Your problem is that you see things through your eyes, and assume that from what you see, you can implement ideas on an entire range of things you haven't seen. Your PRT project makes sense, given your experience with mass transit. You've never seen a well-run, well-implemented, well-executed mass transit network. Mass transit networks only work given proper implementation- they need to serve a wide variety of destinations from a wide variety of points of origin, with frequent, rapid, and reliable service. If it doesn't, it is only useful to people whose origin and destination are convenient precisely to the system. As a result, usage is limited.

Your experience with California trying to re-create a public transportation network out of nothing in a densely populated area is a massive, difficult, and almost impossible undertaking. New York works because it was never dismantled. It was built as it was needed over the course of about 100 years. They need more service now, so they are building another line currently, to supplement a dozen other lines that criss-cross lower Manhattan very effectively. To build a system as extensive as New Yorks will cost billions of dollars. To assume the concept of Mass Transit can not be the solution because your local system is not yet comprehensive enough to be useful is naive. To assume democracy can work worldwide because it works here is likewise naive.


----------



## gdstark

WhoozOn1st999 said:


> Gary, I have no quibble with ExpertVoter.org, though I do think a complementary site, MoronsShouldNotVote.net, might be in order.
> United Democratic Nations is a different story.
> 
> "The goal of the United Democratic Nations is to promote world peace through the process of democracy."
> 
> After dropping the obvious lies about WMD and "nuke-U-lar" weapons, that was W's fallback position. We've seen how well it has worked. You can't bludgeon people into democracy.
> 
> And why the pic of Madeleine Albright (Secretary of State in the Clinton Administration) clinking glasses with N. Korea's "Dear Leader" Kim Jong Il, while omitting a shot of our own less-than-dear leader yukking it up - in costume - with the premier of Red China?
> 
> OMG, Dubya's wearing blue!! Secret Democrat? Yeah, right.
> 
> Best of luck in all your endeavors, Gary.


I'll keep to transportation here, but I appreciate your photo of Bush and Jiang Zemin.

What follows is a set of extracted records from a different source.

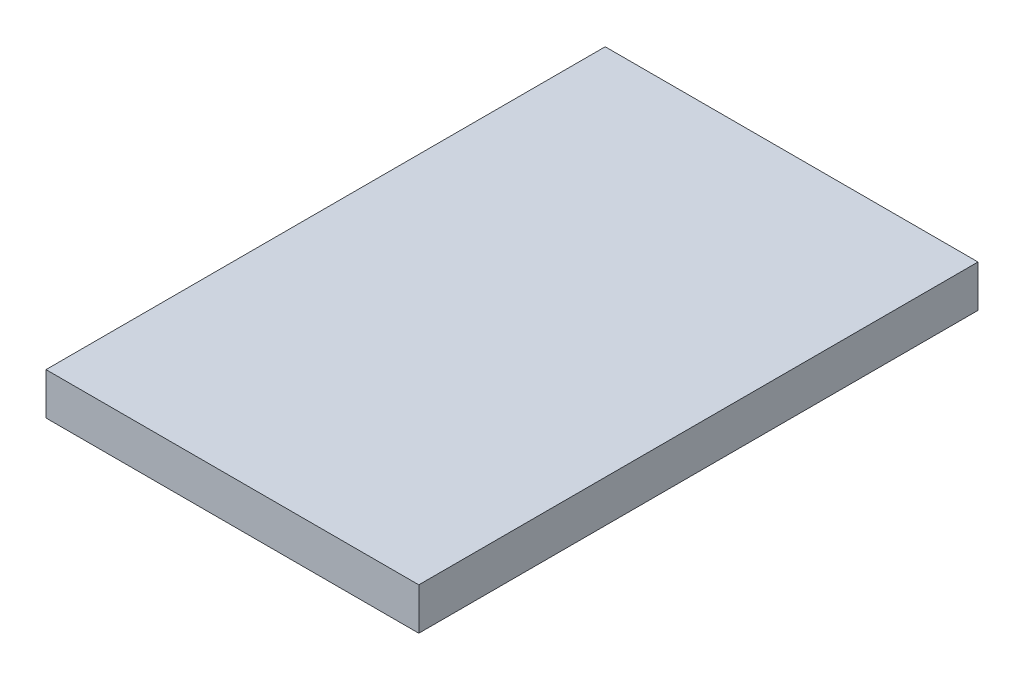
ISO-10303-21;
HEADER;
FILE_DESCRIPTION(('STEP AP214'),'2;1');
FILE_NAME('part.step','',(''),(''),'','','');
FILE_SCHEMA(('AUTOMOTIVE_DESIGN { 1 0 10303 214 1 1 1 1 }'));
ENDSEC;
DATA;
#1=APPLICATION_CONTEXT('core data for automotive mechanical design processes');
#2=APPLICATION_PROTOCOL_DEFINITION('international standard','automotive_design',2000,#1);
#3=PRODUCT_CONTEXT('',#1,'mechanical');
#4=PRODUCT('Part','Part','',(#3));
#5=PRODUCT_RELATED_PRODUCT_CATEGORY('part','',(#4));
#6=PRODUCT_DEFINITION_FORMATION('','',#4);
#7=PRODUCT_DEFINITION_CONTEXT('part definition',#1,'design');
#8=PRODUCT_DEFINITION('design','',#6,#7);
#9=PRODUCT_DEFINITION_SHAPE('','',#8);
#10=(LENGTH_UNIT() NAMED_UNIT(*) SI_UNIT(.MILLI.,.METRE.));
#11=(NAMED_UNIT(*) PLANE_ANGLE_UNIT() SI_UNIT($,.RADIAN.));
#12=(NAMED_UNIT(*) SI_UNIT($,.STERADIAN.) SOLID_ANGLE_UNIT());
#13=UNCERTAINTY_MEASURE_WITH_UNIT(LENGTH_MEASURE(1.E-05),#10,'distance_accuracy_value','');
#14=(GEOMETRIC_REPRESENTATION_CONTEXT(3) GLOBAL_UNCERTAINTY_ASSIGNED_CONTEXT((#13)) GLOBAL_UNIT_ASSIGNED_CONTEXT((#10,
#11,#12)) REPRESENTATION_CONTEXT('',''));
#15=CARTESIAN_POINT('',(0.,0.,0.));
#16=DIRECTION('',(0.,0.,1.));
#17=DIRECTION('',(1.,0.,0.));
#18=AXIS2_PLACEMENT_3D('',#15,#16,#17);
#19=CARTESIAN_POINT('',(3.6712,2.9756,3.4242));
#20=DIRECTION('',(1.,0.,0.));
#21=DIRECTION('',(0.,-1.,0.));
#22=AXIS2_PLACEMENT_3D('',#19,#20,#21);
#23=PLANE('',#22);
#24=DIRECTION('',(0.,0.,1.));
#25=VECTOR('',#24,1.);
#26=CARTESIAN_POINT('',(3.6712,2.9306,3.4242));
#27=LINE('',#26,#25);
#28=CARTESIAN_POINT('',(3.6712,2.9306,2.8242));
#29=VERTEX_POINT('',#28);
#30=CARTESIAN_POINT('',(3.6712,2.9306,3.4242));
#31=VERTEX_POINT('',#30);
#32=EDGE_CURVE('E11',#29,#31,#27,.T.);
#33=ORIENTED_EDGE('',*,*,#32,.T.);
#34=DIRECTION('',(0.,-1.,0.));
#35=VECTOR('',#34,1.);
#36=CARTESIAN_POINT('',(3.6712,2.9756,3.4242));
#37=LINE('',#36,#35);
#38=CARTESIAN_POINT('',(3.6712,2.9756,3.4242));
#39=VERTEX_POINT('',#38);
#40=EDGE_CURVE('E24',#39,#31,#37,.T.);
#41=ORIENTED_EDGE('',*,*,#40,.F.);
#42=DIRECTION('',(0.,0.,1.));
#43=VECTOR('',#42,1.);
#44=CARTESIAN_POINT('',(3.6712,2.9756,3.4242));
#45=LINE('',#44,#43);
#46=CARTESIAN_POINT('',(3.6712,2.9756,2.8242));
#47=VERTEX_POINT('',#46);
#48=EDGE_CURVE('E88',#47,#39,#45,.T.);
#49=ORIENTED_EDGE('',*,*,#48,.F.);
#50=DIRECTION('',(0.,-1.,0.));
#51=VECTOR('',#50,1.);
#52=CARTESIAN_POINT('',(3.6712,2.9756,2.8242));
#53=LINE('',#52,#51);
#54=EDGE_CURVE('E77',#47,#29,#53,.T.);
#55=ORIENTED_EDGE('',*,*,#54,.T.);
#56=EDGE_LOOP('',(#33,#41,#49,#55));
#57=FACE_BOUND('',#56,.T.);
#58=ADVANCED_FACE('F17',(#57),#23,.F.);
#59=CARTESIAN_POINT('',(4.0712,2.9756,3.4242));
#60=DIRECTION('',(0.,0.,-1.));
#61=DIRECTION('',(0.,1.,0.));
#62=AXIS2_PLACEMENT_3D('',#59,#60,#61);
#63=PLANE('',#62);
#64=DIRECTION('',(1.,0.,0.));
#65=VECTOR('',#64,1.);
#66=CARTESIAN_POINT('',(4.0712,2.9306,3.4242));
#67=LINE('',#66,#65);
#68=CARTESIAN_POINT('',(4.0712,2.9306,3.4242));
#69=VERTEX_POINT('',#68);
#70=EDGE_CURVE('E85',#31,#69,#67,.T.);
#71=ORIENTED_EDGE('',*,*,#70,.T.);
#72=DIRECTION('',(0.,-1.,0.));
#73=VECTOR('',#72,1.);
#74=CARTESIAN_POINT('',(4.0712,2.9756,3.4242));
#75=LINE('',#74,#73);
#76=CARTESIAN_POINT('',(4.0712,2.9756,3.4242));
#77=VERTEX_POINT('',#76);
#78=EDGE_CURVE('E83',#77,#69,#75,.T.);
#79=ORIENTED_EDGE('',*,*,#78,.F.);
#80=DIRECTION('',(1.,0.,0.));
#81=VECTOR('',#80,1.);
#82=CARTESIAN_POINT('',(4.0712,2.9756,3.4242));
#83=LINE('',#82,#81);
#84=EDGE_CURVE('E72',#39,#77,#83,.T.);
#85=ORIENTED_EDGE('',*,*,#84,.F.);
#86=ORIENTED_EDGE('',*,*,#40,.T.);
#87=EDGE_LOOP('',(#71,#79,#85,#86));
#88=FACE_BOUND('',#87,.T.);
#89=ADVANCED_FACE('F90',(#88),#63,.F.);
#90=CARTESIAN_POINT('',(4.0712,2.9756,2.8242));
#91=DIRECTION('',(-1.,0.,0.));
#92=DIRECTION('',(0.,1.,0.));
#93=AXIS2_PLACEMENT_3D('',#90,#91,#92);
#94=PLANE('',#93);
#95=DIRECTION('',(0.,0.,-1.));
#96=VECTOR('',#95,1.);
#97=CARTESIAN_POINT('',(4.0712,2.9306,2.8242));
#98=LINE('',#97,#96);
#99=CARTESIAN_POINT('',(4.0712,2.9306,2.8242));
#100=VERTEX_POINT('',#99);
#101=EDGE_CURVE('E60',#69,#100,#98,.T.);
#102=ORIENTED_EDGE('',*,*,#101,.T.);
#103=DIRECTION('',(0.,-1.,0.));
#104=VECTOR('',#103,1.);
#105=CARTESIAN_POINT('',(4.0712,2.9756,2.8242));
#106=LINE('',#105,#104);
#107=CARTESIAN_POINT('',(4.0712,2.9756,2.8242));
#108=VERTEX_POINT('',#107);
#109=EDGE_CURVE('E54',#108,#100,#106,.T.);
#110=ORIENTED_EDGE('',*,*,#109,.F.);
#111=DIRECTION('',(0.,0.,-1.));
#112=VECTOR('',#111,1.);
#113=CARTESIAN_POINT('',(4.0712,2.9756,2.8242));
#114=LINE('',#113,#112);
#115=EDGE_CURVE('E58',#77,#108,#114,.T.);
#116=ORIENTED_EDGE('',*,*,#115,.F.);
#117=ORIENTED_EDGE('',*,*,#78,.T.);
#118=EDGE_LOOP('',(#102,#110,#116,#117));
#119=FACE_BOUND('',#118,.T.);
#120=ADVANCED_FACE('F56',(#119),#94,.F.);
#121=CARTESIAN_POINT('',(3.6712,2.9756,2.8242));
#122=DIRECTION('',(0.,0.,1.));
#123=DIRECTION('',(0.,-1.,0.));
#124=AXIS2_PLACEMENT_3D('',#121,#122,#123);
#125=PLANE('',#124);
#126=DIRECTION('',(-1.,0.,0.));
#127=VECTOR('',#126,1.);
#128=CARTESIAN_POINT('',(3.6712,2.9306,2.8242));
#129=LINE('',#128,#127);
#130=EDGE_CURVE('E73',#100,#29,#129,.T.);
#131=ORIENTED_EDGE('',*,*,#130,.T.);
#132=ORIENTED_EDGE('',*,*,#54,.F.);
#133=DIRECTION('',(-1.,0.,0.));
#134=VECTOR('',#133,1.);
#135=CARTESIAN_POINT('',(3.6712,2.9756,2.8242));
#136=LINE('',#135,#134);
#137=EDGE_CURVE('E70',#108,#47,#136,.T.);
#138=ORIENTED_EDGE('',*,*,#137,.F.);
#139=ORIENTED_EDGE('',*,*,#109,.T.);
#140=EDGE_LOOP('',(#131,#132,#138,#139));
#141=FACE_BOUND('',#140,.T.);
#142=ADVANCED_FACE('F76',(#141),#125,.F.);
#143=CARTESIAN_POINT('',(0.,2.9756,0.));
#144=DIRECTION('',(0.,-1.,0.));
#145=DIRECTION('',(-1.,0.,0.));
#146=AXIS2_PLACEMENT_3D('',#143,#144,#145);
#147=PLANE('',#146);
#148=ORIENTED_EDGE('',*,*,#48,.T.);
#149=ORIENTED_EDGE('',*,*,#84,.T.);
#150=ORIENTED_EDGE('',*,*,#115,.T.);
#151=ORIENTED_EDGE('',*,*,#137,.T.);
#152=EDGE_LOOP('',(#148,#149,#150,#151));
#153=FACE_BOUND('',#152,.T.);
#154=ADVANCED_FACE('F69',(#153),#147,.F.);
#155=CARTESIAN_POINT('',(0.,2.9306,0.));
#156=DIRECTION('',(0.,-1.,0.));
#157=DIRECTION('',(-1.,0.,0.));
#158=AXIS2_PLACEMENT_3D('',#155,#156,#157);
#159=PLANE('',#158);
#160=ORIENTED_EDGE('',*,*,#32,.F.);
#161=ORIENTED_EDGE('',*,*,#130,.F.);
#162=ORIENTED_EDGE('',*,*,#101,.F.);
#163=ORIENTED_EDGE('',*,*,#70,.F.);
#164=EDGE_LOOP('',(#160,#161,#162,#163));
#165=FACE_BOUND('',#164,.T.);
#166=ADVANCED_FACE('F91',(#165),#159,.T.);
#167=CLOSED_SHELL('',(#58,#89,#120,#142,#154,#166));
#168=MANIFOLD_SOLID_BREP('B1',#167);
#169=ADVANCED_BREP_SHAPE_REPRESENTATION('',(#18,#168),#14);
#170=SHAPE_DEFINITION_REPRESENTATION(#9,#169);
ENDSEC;
END-ISO-10303-21;

I added it to the site.

thanks,

gary


----------



## gdstark

Green Maned Lion said:


> Why Republicans on top? Alphabetical order would place Democrats first, so I'm interested in the ordering. Also, the clips I watched reminded me of the fair and balanced nature of Fox News.


Thanks for your feedback on the concepts. For the most part I'm gonna punt since they aren't on transportation, but I will address the ordering issue. When I first created the ExpertVoter website about a year ago, there were more democrats and republicans. So by putting the republicans first, they didn't fill the page and you could still see that there were other parties below. It's no more sinister than that. I'm afraid ordering is always one of those no-win situations. With all the dropouts of late it won't be long before all are back on the same screen anyway.

As for your fox bias charge, nearly all of the videos were CHOSEN by the candidates (see the yellow tabs). So that point is baseless.



> Your problem is that you see things through your eyes, and assume that from what you see, you can implement ideas on an entire range of things you haven't seen.


I plead guilty.

gary


----------



## WhoozOn1st

Gary says "I'll keep to transportation here."

But transportation is inherently political. For those who may not agree, consider a current administration that has repeatedly gone out of its way to try to kill Amtrak. That's politics, and the welcome failure to exterminate Amtrak is a result of politics as well.

Here in the forum, there was a recent suggestion to begin a subtopic devoted to politics. I didn't think it was a good idea because I was concerned that - especially in an election year - it could quickly degenerate.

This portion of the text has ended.